# OUTBOARD JET FOR MY 25 HP JOHNSON



## BCOWANWHEELS (Nov 13, 2013)

I,AM ABOUT TO PULL THE PLUG AND BUY A OUTBOARD JET CONVERSION FOR MY 1991 JOHNSON 25 HP TO USE ON MY 14 FT STARCRAFT. ANY THOUGHT FROM YOU FELLAS ?
THANKS
BOB


----------



## BigTerp (Nov 14, 2013)

Just figure on loosing 30-35% of the power you had with your 25hp. So it'd be like running your boat with a 15-17hp prop, more or less. MANY other factors to consider as well.


----------



## BCOWANWHEELS (Nov 14, 2013)

my 14 ft starcraft is very light and is only rated for 15 hp max so i,am hoping its gonna work. i plan on making the engine into a 35 hp as soon as i can locate the carb and intake also. thanks for your imput.
bob


----------



## BigTerp (Nov 15, 2013)

Sounds good. Turning your 25 into a 35 will make quite a bit of difference. You should get about 25hp at the pump that way. But as long as a 15 will easily plane your boat, you should be good to go. Check out Outboardjets.com. They make the pumps and have alot of good information about ideal hull types, jet setup, etc. I recently rebuilt a 1994 Johnson 50/35 and installed it on my Tracker 1648MV. Let me know if you have any questions. Good luck!!


----------



## Xterminator GT (Nov 15, 2013)

Should work great. We've got a 25 that's been converted to a 35 on a 17/42 weld bilt that is at least .100 ga and the bottom is pretty rough on and it works good.


----------



## BCOWANWHEELS (Nov 16, 2013)

seems everybody is looking for the 35 carb and intake,gosh there hard to find....


----------



## New River Rat (Nov 16, 2013)

I've got a 25HP Johnson and wouldn't do the lower unit switch on it due to power loss. If I were to go with a jet, I wouldn't settle for less than about a 50HP+ (headHP)


----------



## Xterminator GT (Nov 16, 2013)

There's no way I would have a 25 if the river I run didn't have a 25 hp limit.


----------



## BCOWANWHEELS (Nov 16, 2013)

i believe it will be fine seeings my boat is only 127 lbs, motor 115 lbs,gear and me is 350 lbs. fuel is 45 lbs o/j says 850 lbs max and i,ll be far under that. all I want to do is go up river and shut the engine off and fish my way back to the ramp about 3 miles. I,am a old fella and going fast is in the "old" days. I have a 18' raysoncraft ( LP ) low profile and A "G" MODEL both V-DRIVES with a 468 chevy's if i feel the need for speed (which is hardly ever anymore)
BOB


----------



## BigTerp (Nov 18, 2013)

Speed isn't really the issue with outboard jets. Being able to quickly get on plane and stay on plane is what'll enable you to run the shallows well. If your under what Outboard Jets says as far as weight goes, then you should be fine. They make the pumps, so they know what they're talking about. Once you get everything squared away, I seriously doubt you'll want to ever go back to a prop for running the river.
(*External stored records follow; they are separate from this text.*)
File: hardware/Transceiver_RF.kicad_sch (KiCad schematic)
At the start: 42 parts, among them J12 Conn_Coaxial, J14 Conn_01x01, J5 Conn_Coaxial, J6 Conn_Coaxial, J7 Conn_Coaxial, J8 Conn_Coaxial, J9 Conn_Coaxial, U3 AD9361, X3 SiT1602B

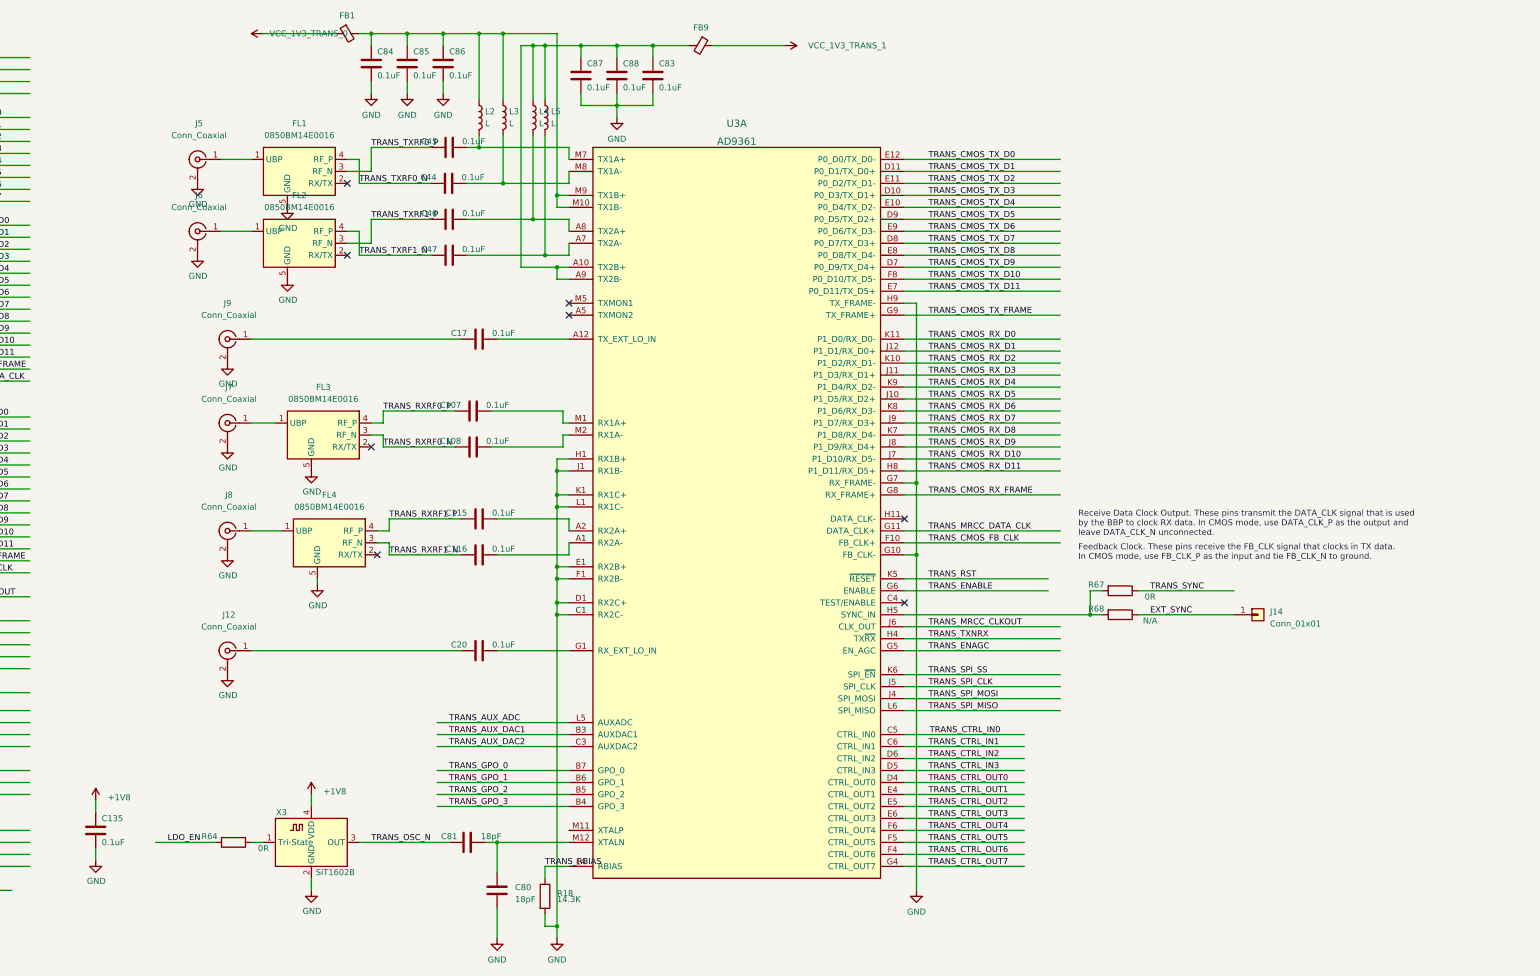
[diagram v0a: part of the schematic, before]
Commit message: delete RF transceiver
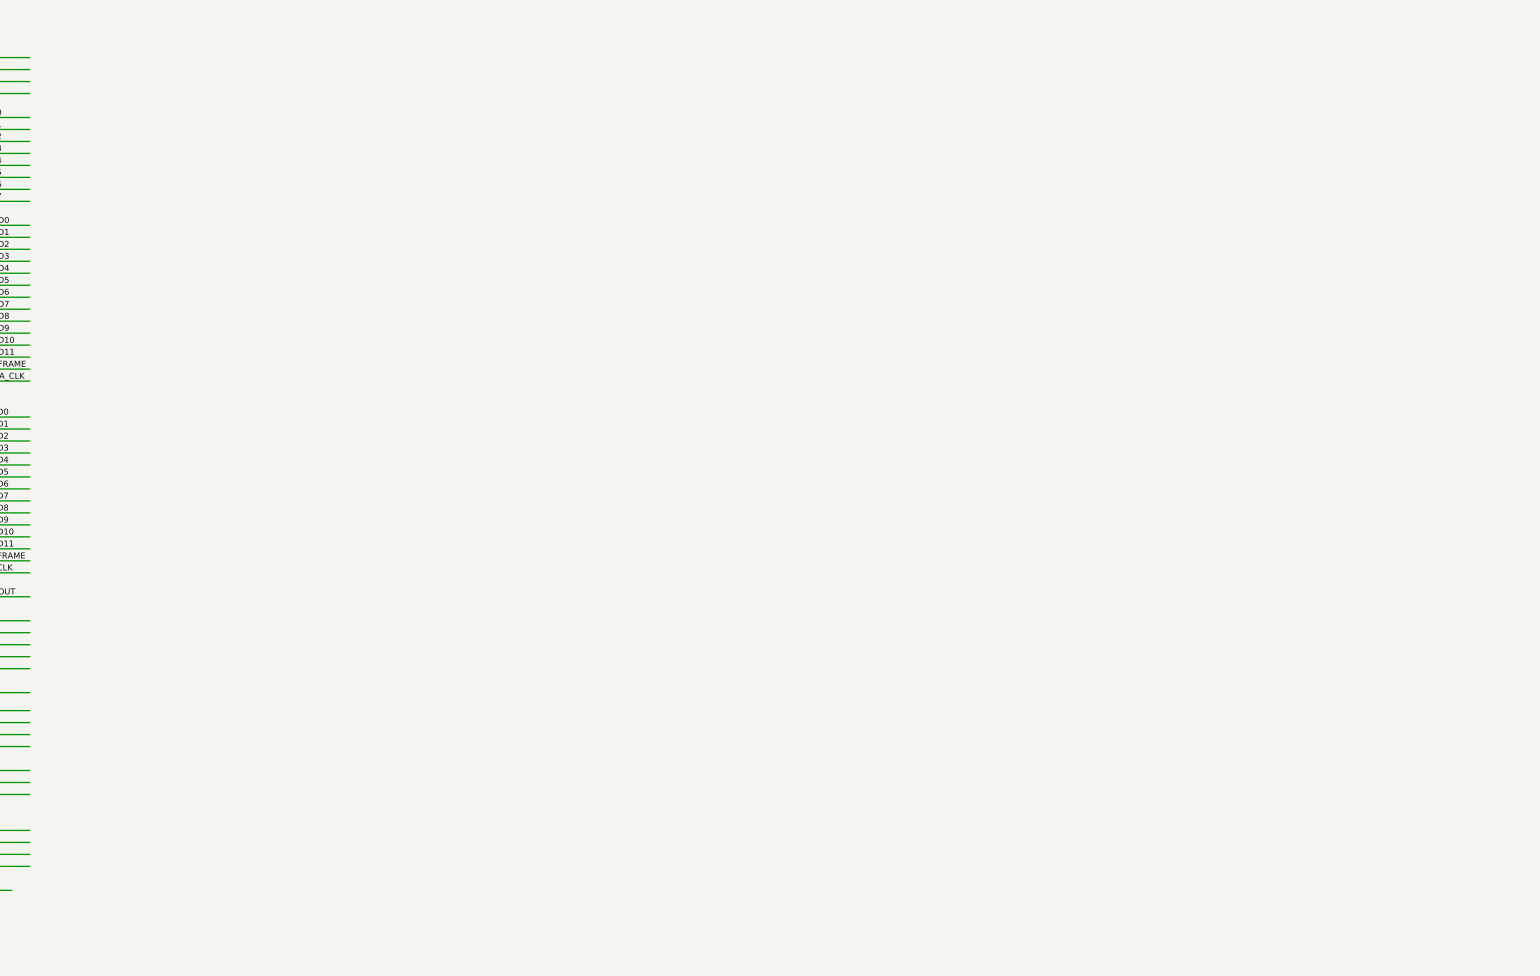
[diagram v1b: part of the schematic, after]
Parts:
- removed C107, C108, C115, C116, C135, C17, C20, C44, C45, C46, C47, C83, C84, C85, C86, C87, C88: 0.1uF, Capacitor_SMD:C_0201_0603Metric, symbol Device:C
- removed C80, C81: 18pF, Capacitor_SMD:C_0201_0603Metric, symbol Device:C
- removed FB1, FB9: FerriteBead_Small, Capacitor_SMD:C_0402_1005Metric, symbol Device:FerriteBead_Small
- removed FL1, FL2, FL3, FL4: 0850BM14E0016, RF_Converter:Balun_Johanson_1.6x0.8mm, symbol Filter:0850BM14E0016
- removed J12, J5, J6, J7, J8, J9: Conn_Coaxial, Connector_Coaxial_Local:U.FL_Molex_MCRF_73412-0110_Vertical, symbol Connector:Conn_Coaxial
- removed J14: Conn_01x01, Connector_PinHeader_2.54mm:PinHeader_1x01_P2.54mm_Vertical, symbol Connector_Generic:Conn_01x01
- removed L2, L3, L4, L5: L, Inductor_SMD:L_0402_1005Metric, symbol Device:L
- removed R18: 14.3K, Resistor_SMD:R_0201_0603Metric, symbol Device:R
- removed R64, R67: 0R, Resistor_SMD:R_0201_0603Metric, symbol Device:R
- removed R68: N/A, Resistor_SMD:R_0201_0603Metric, symbol Device:R
- removed U3: AD9361, RF_Transceiver:bga-100_10_10_1p32_0p8, symbol 7z010_ddr:AD9361
- removed X3: SiT1602B, Oscillator:Oscillator_SMD_ECS_2520MV-xxx-xx-4Pin_2.5x2.0mm, symbol 7z010_ddr:ECS-2520MV-xxx-xx
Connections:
- no-connect marks 8 -> 0
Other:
- note removed: "Feedback Clock. These pins receive the FB_CLK signal that clocks in TX data. In CMOS mode, use FB_CLK_P as the input and tie FB_CLK_N to ground."
- note removed: "Receive Data Clock Output. These pins transmit the DATA_CLK signal that is used by the BBP to clock RX data. In CMOS mode, use DATA_CLK_P as the output and leave DATA_CLK_N unconnected."

How is the weight currently setup on your boat? Is your motor tiller or remote steered? The only issue I can see is if it's a tiller and you also have your gas tank in the back of the boat, you might be a bit stern heavy.


----------



## BCOWANWHEELS (Feb 25, 2014)

well i,ve found and bought all the parts to make my johnson 25 hp a 35 hp also i,ve bought everything to convert my long shaft to a short shaft. now i need to locate a jet unit. new there extreamly expensive and 3-4 months to get. i,ve about got my transom redone and my jack plate built. i,ll have some pictures to post soon 4 you,all
bob


----------



## Boat2fast (Feb 26, 2014)

If you want a FULL 35hp, you have to use a 35hp block. The ports are different(you should _see_ the difference). Same with the late model 25 vs. 30hp. Some years had a different head...1983 for instance. The carb is just the part people can see.


----------



## BCOWANWHEELS (Feb 26, 2014)

IS THERE ANYWAY YOU CAN POST A PICTURE OF THE 35 HP EXHAUST PORTS ?


----------



## Boat2fast (Feb 26, 2014)

I didn't take pics when I had the blocks apart side-by-side. Small round ports on the lower hp blocks, Big oval shaped ports on the 35 and 30E blocks.


----------



## BCOWANWHEELS (Feb 26, 2014)

oh well the smaller exh ports will just make more lower end torque and really is what I need anyway. I,am not building a hi-rpm engine. I,ll do some rescherch and see what I can find though


----------



## Lil' Blue Rude (Feb 27, 2014)

Looking forward to see how it all turns out. Always love a outboard jet build. You could always square up the ports a little. Not too sharp because it will shorten the ring life but it would add to the power with out losing torque like raising them would.


----------



## Boat2fast (Feb 27, 2014)

BigTerp said:


> Speed isn't really the issue with outboard jets. Being able to quickly get on plane and stay on plane is what'll enable you to run the shallows well. If your under what Outboard Jets says as far as weight goes, then you should be fine. They make the pumps, so they know what they're talking about. Once you get everything squared away, I seriously doubt you'll want to ever go back to a prop for running the river.
> 
> How is the weight currently setup on your boat? Is your motor tiller or remote steered? The only issue I can see is if it's a tiller and you also have your gas tank in the back of the boat, you might be a bit stern heavy.


Listen to BigTerp. Call Outboard Jets.

Jets need HP, lots of it. Horsepower is a function of torque and RPM. The more horsepower you put into that jet, the more water it squirts out the back. That is what you need to plane a jet powered hull...from what I understand. 

I had a 25Mercury Jet once. It ran great but made much noise and little speed. I used it once and sold it. That day I decided 'If I ever set up a jet boat, it's going to have the biggest engine and the widest hull I can put together.'

That is pretty much all my experience with jets...for what it's worth.


----------



## wills (Dec 23, 2020)

Where is the best place to find a used jet pump for my 1987 25 hp


----------